There are two types of asthma. Extrinsic, involves acute episodes triggered by a Type 1 hypersensitivity reaction to an inhaled antigen. The antigen reacts with immunoglobulin E on the previously sensitized mast cells in the respiratory mucosa, releasing histamine, kinins, prostaglandins, and other chemical mediators, which then cause the inflammation, bronchospasm, edema, and increased mucus secretion. The reaction also stimulates branches of the vagus nerve, causing reflex bronchconstriction. Onset commonly occurs in children. The second type is intrinsic asthma, with onset during adulthood. In this disease, other types of stimuli target hyper responsive tissues in the airway initiating an acute attack.

Internal triggers are respiratory infections, exposure to the cold, exercise, drugs such as aspirin, stress, and inhalation if irritants such as cigarette smoke.

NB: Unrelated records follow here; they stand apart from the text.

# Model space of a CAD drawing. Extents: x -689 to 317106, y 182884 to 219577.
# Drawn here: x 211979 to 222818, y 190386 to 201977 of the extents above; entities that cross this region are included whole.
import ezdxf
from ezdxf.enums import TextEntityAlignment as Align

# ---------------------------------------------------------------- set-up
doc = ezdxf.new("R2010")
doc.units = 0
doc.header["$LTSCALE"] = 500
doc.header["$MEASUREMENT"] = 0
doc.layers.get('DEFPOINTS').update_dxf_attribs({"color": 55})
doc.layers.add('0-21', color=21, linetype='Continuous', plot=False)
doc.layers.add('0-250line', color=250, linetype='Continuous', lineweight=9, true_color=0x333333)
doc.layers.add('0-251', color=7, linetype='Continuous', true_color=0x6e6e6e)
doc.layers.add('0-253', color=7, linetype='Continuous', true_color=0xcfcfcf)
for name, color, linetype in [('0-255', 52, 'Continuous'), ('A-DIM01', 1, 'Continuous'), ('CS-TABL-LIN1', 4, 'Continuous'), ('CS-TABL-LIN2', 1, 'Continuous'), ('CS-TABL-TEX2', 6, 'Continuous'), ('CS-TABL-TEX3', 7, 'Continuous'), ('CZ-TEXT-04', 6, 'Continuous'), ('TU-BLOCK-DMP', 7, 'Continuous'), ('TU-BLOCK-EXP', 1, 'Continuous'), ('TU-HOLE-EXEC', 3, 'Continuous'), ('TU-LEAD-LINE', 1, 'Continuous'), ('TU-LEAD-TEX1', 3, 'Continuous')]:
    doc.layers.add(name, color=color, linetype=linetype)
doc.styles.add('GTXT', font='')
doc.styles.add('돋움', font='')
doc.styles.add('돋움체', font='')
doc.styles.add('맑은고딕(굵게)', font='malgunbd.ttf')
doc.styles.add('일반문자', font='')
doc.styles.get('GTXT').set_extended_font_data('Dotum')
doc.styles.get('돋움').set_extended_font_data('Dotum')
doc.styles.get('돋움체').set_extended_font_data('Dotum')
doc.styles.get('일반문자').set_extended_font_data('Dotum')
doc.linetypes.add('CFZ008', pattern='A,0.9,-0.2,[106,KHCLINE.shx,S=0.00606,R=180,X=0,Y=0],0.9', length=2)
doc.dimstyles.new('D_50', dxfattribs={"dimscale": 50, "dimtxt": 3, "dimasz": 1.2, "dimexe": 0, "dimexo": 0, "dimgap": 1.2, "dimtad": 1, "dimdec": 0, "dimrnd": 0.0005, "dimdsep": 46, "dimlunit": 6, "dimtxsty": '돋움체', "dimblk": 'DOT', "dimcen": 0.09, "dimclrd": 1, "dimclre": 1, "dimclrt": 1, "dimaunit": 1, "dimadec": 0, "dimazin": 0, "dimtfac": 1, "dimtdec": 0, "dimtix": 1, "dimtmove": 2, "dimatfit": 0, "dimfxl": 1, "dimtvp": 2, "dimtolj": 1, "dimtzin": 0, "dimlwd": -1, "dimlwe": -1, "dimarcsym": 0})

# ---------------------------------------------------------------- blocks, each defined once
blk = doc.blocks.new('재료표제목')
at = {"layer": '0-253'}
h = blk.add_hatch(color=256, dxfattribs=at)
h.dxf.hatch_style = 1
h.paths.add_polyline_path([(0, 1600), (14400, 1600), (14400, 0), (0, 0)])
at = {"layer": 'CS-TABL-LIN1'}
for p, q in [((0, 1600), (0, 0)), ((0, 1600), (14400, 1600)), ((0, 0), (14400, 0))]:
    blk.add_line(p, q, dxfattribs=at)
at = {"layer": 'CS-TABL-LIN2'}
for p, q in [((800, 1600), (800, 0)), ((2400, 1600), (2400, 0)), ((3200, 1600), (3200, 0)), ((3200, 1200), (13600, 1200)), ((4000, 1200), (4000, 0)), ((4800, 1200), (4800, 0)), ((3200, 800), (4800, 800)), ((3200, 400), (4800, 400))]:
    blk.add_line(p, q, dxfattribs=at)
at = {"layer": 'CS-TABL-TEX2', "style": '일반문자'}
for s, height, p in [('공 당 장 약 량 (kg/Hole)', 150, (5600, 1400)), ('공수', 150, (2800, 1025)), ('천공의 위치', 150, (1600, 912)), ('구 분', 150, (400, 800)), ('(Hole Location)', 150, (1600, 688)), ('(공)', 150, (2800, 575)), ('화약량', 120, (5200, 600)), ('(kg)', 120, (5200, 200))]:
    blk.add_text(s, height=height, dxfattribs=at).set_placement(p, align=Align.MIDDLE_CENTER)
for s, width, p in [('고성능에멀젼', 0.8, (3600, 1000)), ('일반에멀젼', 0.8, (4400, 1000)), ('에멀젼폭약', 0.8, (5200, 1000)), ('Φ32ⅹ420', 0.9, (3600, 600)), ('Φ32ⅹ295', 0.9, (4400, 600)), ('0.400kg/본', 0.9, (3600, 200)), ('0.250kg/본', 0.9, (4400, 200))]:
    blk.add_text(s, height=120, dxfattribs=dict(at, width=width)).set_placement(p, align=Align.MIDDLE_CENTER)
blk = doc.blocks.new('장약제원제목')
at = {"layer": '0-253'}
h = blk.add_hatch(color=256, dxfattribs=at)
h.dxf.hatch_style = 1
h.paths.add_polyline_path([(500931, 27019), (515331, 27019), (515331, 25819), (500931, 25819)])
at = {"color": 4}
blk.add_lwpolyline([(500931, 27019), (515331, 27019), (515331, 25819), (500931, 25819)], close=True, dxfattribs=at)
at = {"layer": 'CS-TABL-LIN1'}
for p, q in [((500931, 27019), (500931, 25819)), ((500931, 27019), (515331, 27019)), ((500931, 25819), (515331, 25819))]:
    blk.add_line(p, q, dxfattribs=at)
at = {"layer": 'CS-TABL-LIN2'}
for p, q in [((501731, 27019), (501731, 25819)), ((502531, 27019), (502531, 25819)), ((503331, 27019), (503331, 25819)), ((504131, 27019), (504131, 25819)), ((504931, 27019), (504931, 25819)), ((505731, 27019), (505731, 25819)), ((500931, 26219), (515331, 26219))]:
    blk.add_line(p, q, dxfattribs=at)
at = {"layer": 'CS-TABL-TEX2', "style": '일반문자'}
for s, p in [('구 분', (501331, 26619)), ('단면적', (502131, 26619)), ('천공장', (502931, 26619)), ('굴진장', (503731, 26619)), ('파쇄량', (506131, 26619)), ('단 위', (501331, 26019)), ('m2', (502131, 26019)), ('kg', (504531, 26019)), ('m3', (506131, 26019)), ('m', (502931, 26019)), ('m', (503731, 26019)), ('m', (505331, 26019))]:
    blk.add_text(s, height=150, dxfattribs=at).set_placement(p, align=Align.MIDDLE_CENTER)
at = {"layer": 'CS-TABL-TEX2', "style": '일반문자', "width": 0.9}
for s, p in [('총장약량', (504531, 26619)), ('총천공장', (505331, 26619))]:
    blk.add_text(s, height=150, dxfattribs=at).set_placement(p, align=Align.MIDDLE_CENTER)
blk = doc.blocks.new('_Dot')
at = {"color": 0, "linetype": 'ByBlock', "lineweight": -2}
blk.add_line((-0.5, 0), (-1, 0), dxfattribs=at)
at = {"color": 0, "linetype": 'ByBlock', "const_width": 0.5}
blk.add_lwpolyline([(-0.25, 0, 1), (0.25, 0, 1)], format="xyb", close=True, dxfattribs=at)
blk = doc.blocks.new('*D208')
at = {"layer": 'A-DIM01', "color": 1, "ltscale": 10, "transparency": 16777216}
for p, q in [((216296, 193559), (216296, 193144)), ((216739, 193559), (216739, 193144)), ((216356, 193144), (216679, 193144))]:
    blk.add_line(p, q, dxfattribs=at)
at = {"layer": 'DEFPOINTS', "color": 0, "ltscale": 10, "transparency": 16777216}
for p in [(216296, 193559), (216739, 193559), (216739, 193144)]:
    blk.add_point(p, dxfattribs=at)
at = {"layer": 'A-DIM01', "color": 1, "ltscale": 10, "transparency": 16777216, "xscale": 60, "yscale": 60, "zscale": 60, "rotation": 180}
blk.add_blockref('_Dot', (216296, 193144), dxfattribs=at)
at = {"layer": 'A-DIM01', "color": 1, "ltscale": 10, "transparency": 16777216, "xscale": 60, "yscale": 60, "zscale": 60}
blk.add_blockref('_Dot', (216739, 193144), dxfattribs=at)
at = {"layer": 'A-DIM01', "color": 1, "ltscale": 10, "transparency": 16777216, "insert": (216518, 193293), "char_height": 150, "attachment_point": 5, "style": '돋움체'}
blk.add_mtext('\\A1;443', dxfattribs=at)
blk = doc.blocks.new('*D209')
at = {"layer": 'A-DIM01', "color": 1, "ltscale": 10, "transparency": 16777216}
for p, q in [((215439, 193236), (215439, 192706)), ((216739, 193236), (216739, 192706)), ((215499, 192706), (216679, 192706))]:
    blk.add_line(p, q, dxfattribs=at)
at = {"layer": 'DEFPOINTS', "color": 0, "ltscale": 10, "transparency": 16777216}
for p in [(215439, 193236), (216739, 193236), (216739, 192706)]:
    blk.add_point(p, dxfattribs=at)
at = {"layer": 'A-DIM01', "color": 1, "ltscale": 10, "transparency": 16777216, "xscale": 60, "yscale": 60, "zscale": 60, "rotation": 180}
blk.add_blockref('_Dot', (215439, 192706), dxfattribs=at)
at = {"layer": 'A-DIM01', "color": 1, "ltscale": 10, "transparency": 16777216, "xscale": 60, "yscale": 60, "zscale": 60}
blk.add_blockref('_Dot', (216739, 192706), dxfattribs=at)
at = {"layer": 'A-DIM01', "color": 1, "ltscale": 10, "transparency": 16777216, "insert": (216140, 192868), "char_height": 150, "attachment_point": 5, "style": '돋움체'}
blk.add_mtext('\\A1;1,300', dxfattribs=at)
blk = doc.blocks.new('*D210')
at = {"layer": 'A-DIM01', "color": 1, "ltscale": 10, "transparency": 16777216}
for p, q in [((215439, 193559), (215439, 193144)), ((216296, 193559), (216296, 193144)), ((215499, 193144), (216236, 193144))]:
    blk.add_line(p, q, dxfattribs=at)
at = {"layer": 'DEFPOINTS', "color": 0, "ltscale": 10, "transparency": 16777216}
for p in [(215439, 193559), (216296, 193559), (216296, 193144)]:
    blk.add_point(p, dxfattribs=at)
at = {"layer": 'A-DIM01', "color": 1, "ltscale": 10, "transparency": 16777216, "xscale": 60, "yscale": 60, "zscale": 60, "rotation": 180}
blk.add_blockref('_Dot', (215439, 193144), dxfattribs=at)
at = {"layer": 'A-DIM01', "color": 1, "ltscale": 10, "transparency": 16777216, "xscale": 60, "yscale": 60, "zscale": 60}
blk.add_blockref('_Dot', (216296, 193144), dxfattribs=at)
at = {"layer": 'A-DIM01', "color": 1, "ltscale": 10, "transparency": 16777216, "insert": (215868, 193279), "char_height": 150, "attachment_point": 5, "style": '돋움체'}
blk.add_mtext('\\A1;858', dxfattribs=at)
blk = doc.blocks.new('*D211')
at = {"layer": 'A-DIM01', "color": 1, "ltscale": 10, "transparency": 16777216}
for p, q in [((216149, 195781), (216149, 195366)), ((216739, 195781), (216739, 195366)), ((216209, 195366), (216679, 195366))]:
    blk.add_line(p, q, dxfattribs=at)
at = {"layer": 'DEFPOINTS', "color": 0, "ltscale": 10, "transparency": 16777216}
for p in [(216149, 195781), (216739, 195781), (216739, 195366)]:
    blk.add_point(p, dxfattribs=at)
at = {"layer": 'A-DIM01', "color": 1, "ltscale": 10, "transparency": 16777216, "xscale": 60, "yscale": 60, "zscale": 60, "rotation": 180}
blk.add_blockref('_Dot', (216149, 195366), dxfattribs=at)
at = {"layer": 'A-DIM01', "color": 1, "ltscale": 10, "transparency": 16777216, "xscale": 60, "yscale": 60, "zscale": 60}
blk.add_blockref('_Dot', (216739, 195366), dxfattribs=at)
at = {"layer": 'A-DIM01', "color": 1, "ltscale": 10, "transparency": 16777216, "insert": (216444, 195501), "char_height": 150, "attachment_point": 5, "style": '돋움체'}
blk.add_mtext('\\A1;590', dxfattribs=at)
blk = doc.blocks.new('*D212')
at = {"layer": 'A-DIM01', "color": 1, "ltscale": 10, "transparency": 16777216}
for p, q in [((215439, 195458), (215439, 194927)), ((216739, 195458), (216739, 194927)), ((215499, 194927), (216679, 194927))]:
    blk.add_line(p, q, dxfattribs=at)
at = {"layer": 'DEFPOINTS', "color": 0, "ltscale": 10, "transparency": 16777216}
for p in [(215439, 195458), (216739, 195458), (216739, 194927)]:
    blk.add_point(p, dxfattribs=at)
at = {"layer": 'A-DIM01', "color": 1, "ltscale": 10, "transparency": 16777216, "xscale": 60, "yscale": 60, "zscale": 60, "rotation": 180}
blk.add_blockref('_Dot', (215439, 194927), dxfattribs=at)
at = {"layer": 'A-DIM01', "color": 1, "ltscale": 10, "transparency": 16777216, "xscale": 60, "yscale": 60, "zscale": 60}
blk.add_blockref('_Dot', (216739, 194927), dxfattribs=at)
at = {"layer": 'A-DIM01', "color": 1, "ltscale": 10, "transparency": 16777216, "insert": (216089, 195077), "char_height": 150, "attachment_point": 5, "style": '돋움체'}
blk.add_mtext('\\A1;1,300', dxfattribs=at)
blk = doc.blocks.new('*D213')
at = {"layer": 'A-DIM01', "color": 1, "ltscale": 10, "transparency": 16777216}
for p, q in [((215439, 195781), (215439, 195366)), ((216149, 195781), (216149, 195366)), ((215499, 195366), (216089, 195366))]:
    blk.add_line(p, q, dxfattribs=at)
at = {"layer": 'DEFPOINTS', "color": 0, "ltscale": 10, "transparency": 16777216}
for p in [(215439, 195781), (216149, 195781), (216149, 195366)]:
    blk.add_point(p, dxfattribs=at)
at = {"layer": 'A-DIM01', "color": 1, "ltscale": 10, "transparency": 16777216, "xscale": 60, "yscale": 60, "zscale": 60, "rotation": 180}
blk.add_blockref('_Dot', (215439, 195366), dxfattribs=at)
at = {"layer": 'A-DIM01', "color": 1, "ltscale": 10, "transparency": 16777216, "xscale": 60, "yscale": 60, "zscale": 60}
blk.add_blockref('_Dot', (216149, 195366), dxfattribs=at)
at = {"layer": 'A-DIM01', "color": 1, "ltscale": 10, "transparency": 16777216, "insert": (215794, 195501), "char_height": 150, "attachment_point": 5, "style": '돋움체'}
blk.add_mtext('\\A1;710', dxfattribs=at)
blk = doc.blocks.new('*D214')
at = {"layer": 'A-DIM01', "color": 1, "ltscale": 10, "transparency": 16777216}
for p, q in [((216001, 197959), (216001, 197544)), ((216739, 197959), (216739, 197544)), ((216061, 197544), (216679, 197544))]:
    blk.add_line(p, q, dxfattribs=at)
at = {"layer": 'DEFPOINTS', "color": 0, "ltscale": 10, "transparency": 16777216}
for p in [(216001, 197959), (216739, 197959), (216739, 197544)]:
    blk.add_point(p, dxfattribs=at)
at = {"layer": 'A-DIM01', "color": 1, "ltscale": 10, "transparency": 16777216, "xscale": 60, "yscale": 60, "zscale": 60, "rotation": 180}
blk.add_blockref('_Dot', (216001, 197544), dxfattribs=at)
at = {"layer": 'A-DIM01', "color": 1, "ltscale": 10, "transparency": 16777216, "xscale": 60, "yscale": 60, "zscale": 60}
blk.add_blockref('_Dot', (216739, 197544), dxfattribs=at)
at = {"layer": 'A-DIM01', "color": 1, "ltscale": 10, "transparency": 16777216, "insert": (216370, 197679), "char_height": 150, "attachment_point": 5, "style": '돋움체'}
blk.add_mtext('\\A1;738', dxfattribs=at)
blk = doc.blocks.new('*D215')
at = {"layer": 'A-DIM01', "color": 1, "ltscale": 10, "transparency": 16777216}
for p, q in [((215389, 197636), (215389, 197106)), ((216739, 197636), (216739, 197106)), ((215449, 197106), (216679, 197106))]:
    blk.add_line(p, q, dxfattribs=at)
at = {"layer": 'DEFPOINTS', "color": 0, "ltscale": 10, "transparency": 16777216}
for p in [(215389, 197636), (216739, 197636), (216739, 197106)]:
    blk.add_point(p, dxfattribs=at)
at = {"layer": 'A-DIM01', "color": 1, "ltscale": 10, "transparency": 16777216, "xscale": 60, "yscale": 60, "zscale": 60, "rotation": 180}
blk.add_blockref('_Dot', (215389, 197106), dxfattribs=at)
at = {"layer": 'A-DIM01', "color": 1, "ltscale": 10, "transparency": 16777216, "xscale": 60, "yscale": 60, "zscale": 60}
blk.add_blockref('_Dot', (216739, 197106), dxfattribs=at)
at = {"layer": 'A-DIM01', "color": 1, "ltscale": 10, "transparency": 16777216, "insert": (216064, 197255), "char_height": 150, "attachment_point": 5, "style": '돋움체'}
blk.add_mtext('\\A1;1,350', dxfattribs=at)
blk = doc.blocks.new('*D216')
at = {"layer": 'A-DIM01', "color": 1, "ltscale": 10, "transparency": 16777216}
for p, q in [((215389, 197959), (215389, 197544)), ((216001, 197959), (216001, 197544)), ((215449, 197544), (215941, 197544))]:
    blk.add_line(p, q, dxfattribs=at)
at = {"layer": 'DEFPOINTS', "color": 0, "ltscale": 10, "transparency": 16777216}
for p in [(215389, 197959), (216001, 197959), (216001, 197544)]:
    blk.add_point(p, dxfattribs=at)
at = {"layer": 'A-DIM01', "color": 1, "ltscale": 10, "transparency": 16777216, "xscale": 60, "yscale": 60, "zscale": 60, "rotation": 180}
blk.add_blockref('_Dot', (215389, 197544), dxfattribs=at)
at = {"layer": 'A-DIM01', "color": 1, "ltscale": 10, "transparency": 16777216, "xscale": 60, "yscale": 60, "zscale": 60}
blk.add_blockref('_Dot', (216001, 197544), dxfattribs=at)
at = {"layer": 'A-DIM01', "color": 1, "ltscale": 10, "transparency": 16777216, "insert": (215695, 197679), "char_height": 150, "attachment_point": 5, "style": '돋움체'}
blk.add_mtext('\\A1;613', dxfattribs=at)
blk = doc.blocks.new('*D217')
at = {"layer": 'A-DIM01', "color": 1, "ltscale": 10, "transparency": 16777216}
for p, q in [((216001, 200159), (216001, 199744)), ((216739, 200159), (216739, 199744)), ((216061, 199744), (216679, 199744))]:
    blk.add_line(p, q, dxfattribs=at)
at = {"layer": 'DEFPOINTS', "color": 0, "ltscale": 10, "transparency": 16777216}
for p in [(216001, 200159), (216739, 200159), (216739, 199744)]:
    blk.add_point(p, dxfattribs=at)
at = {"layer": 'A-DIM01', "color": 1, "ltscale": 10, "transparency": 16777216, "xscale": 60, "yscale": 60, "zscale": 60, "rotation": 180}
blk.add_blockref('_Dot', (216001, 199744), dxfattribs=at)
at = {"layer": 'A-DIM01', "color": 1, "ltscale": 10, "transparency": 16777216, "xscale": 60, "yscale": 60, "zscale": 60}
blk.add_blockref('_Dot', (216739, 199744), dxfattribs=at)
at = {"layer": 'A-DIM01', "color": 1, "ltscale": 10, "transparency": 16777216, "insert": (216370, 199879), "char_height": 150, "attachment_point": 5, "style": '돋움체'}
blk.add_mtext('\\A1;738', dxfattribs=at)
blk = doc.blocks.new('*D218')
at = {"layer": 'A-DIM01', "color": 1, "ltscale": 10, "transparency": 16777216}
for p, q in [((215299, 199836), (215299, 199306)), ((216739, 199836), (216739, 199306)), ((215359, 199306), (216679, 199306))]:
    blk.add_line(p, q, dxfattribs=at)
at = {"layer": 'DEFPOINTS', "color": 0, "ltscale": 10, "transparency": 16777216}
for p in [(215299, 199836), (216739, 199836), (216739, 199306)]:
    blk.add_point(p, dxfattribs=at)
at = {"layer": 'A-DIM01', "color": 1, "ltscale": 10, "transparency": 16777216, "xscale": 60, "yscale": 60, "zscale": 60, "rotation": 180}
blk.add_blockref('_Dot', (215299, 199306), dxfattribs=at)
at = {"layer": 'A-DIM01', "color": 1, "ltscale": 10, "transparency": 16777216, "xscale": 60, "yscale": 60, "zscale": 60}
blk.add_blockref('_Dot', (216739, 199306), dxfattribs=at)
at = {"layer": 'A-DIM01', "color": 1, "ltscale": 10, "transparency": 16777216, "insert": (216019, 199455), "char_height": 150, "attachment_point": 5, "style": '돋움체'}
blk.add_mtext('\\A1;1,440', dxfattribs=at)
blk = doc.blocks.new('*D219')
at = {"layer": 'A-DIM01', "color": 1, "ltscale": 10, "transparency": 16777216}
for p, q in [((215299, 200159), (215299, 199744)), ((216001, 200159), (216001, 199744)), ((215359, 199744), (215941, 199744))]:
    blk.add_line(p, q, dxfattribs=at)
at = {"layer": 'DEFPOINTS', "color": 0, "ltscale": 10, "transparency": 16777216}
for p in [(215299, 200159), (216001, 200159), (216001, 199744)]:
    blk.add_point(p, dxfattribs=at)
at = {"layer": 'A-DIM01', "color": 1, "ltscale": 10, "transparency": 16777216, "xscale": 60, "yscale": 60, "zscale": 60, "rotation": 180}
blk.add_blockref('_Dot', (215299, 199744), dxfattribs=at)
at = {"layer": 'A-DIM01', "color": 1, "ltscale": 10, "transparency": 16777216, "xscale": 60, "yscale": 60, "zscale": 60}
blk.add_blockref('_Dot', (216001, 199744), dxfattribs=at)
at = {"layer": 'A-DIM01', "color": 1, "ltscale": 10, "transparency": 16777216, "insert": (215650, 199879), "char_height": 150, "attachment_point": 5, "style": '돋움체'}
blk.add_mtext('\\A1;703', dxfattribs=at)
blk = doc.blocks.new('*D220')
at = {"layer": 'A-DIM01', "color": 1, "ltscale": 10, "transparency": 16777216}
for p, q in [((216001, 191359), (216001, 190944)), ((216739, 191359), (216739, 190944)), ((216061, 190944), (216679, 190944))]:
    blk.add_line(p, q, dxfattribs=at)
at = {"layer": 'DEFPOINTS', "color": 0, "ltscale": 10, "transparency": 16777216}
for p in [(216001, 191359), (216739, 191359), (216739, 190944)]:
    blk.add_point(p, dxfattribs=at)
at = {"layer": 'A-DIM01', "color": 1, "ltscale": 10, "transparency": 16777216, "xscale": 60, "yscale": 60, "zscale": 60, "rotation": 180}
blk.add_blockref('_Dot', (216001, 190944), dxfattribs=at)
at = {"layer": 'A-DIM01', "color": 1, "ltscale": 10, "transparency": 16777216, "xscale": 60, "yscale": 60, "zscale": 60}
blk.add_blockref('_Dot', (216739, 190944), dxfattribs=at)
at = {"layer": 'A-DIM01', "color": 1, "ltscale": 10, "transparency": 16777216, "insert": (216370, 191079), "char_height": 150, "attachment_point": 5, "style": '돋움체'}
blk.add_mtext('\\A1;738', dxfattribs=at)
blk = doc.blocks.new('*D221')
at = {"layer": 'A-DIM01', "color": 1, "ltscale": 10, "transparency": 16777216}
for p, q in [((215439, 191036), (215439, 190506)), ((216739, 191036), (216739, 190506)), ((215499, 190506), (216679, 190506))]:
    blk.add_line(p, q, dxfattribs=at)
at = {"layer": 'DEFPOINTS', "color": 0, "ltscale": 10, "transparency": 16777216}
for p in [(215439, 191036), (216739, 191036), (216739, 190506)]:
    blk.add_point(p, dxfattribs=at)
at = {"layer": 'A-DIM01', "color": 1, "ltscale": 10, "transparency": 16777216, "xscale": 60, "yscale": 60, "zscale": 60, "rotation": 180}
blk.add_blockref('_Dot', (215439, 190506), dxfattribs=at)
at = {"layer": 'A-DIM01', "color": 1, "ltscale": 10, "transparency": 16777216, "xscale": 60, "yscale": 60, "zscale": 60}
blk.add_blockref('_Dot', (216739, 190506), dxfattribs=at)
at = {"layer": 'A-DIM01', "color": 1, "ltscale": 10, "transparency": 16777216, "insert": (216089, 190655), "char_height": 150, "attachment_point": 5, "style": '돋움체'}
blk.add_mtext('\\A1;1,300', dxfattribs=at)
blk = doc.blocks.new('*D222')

2. Diabetes Mellitus Type 1 is the deficit of insulin resulting from the destruction of the pancreatic beta cells in an autoimmune reaction, resulting in an absolute deficit of insulin in the body and therefore requiring replacement therapy. It is genetic and occurs more frequently in children and adolescents but can occur at any age. The deficit of insulin results in decreased transportation and use of glucose in the cells of the body. Blood glucose levels rise and excess glucose spills into the urine causing increased osmotic pressure in the filtrate and with that polyuria. With the polyuria there is excess loss of fluid and electrolytes. Fluid loss through the urine and high blood glucose draws water from the cells resulting in dehydration.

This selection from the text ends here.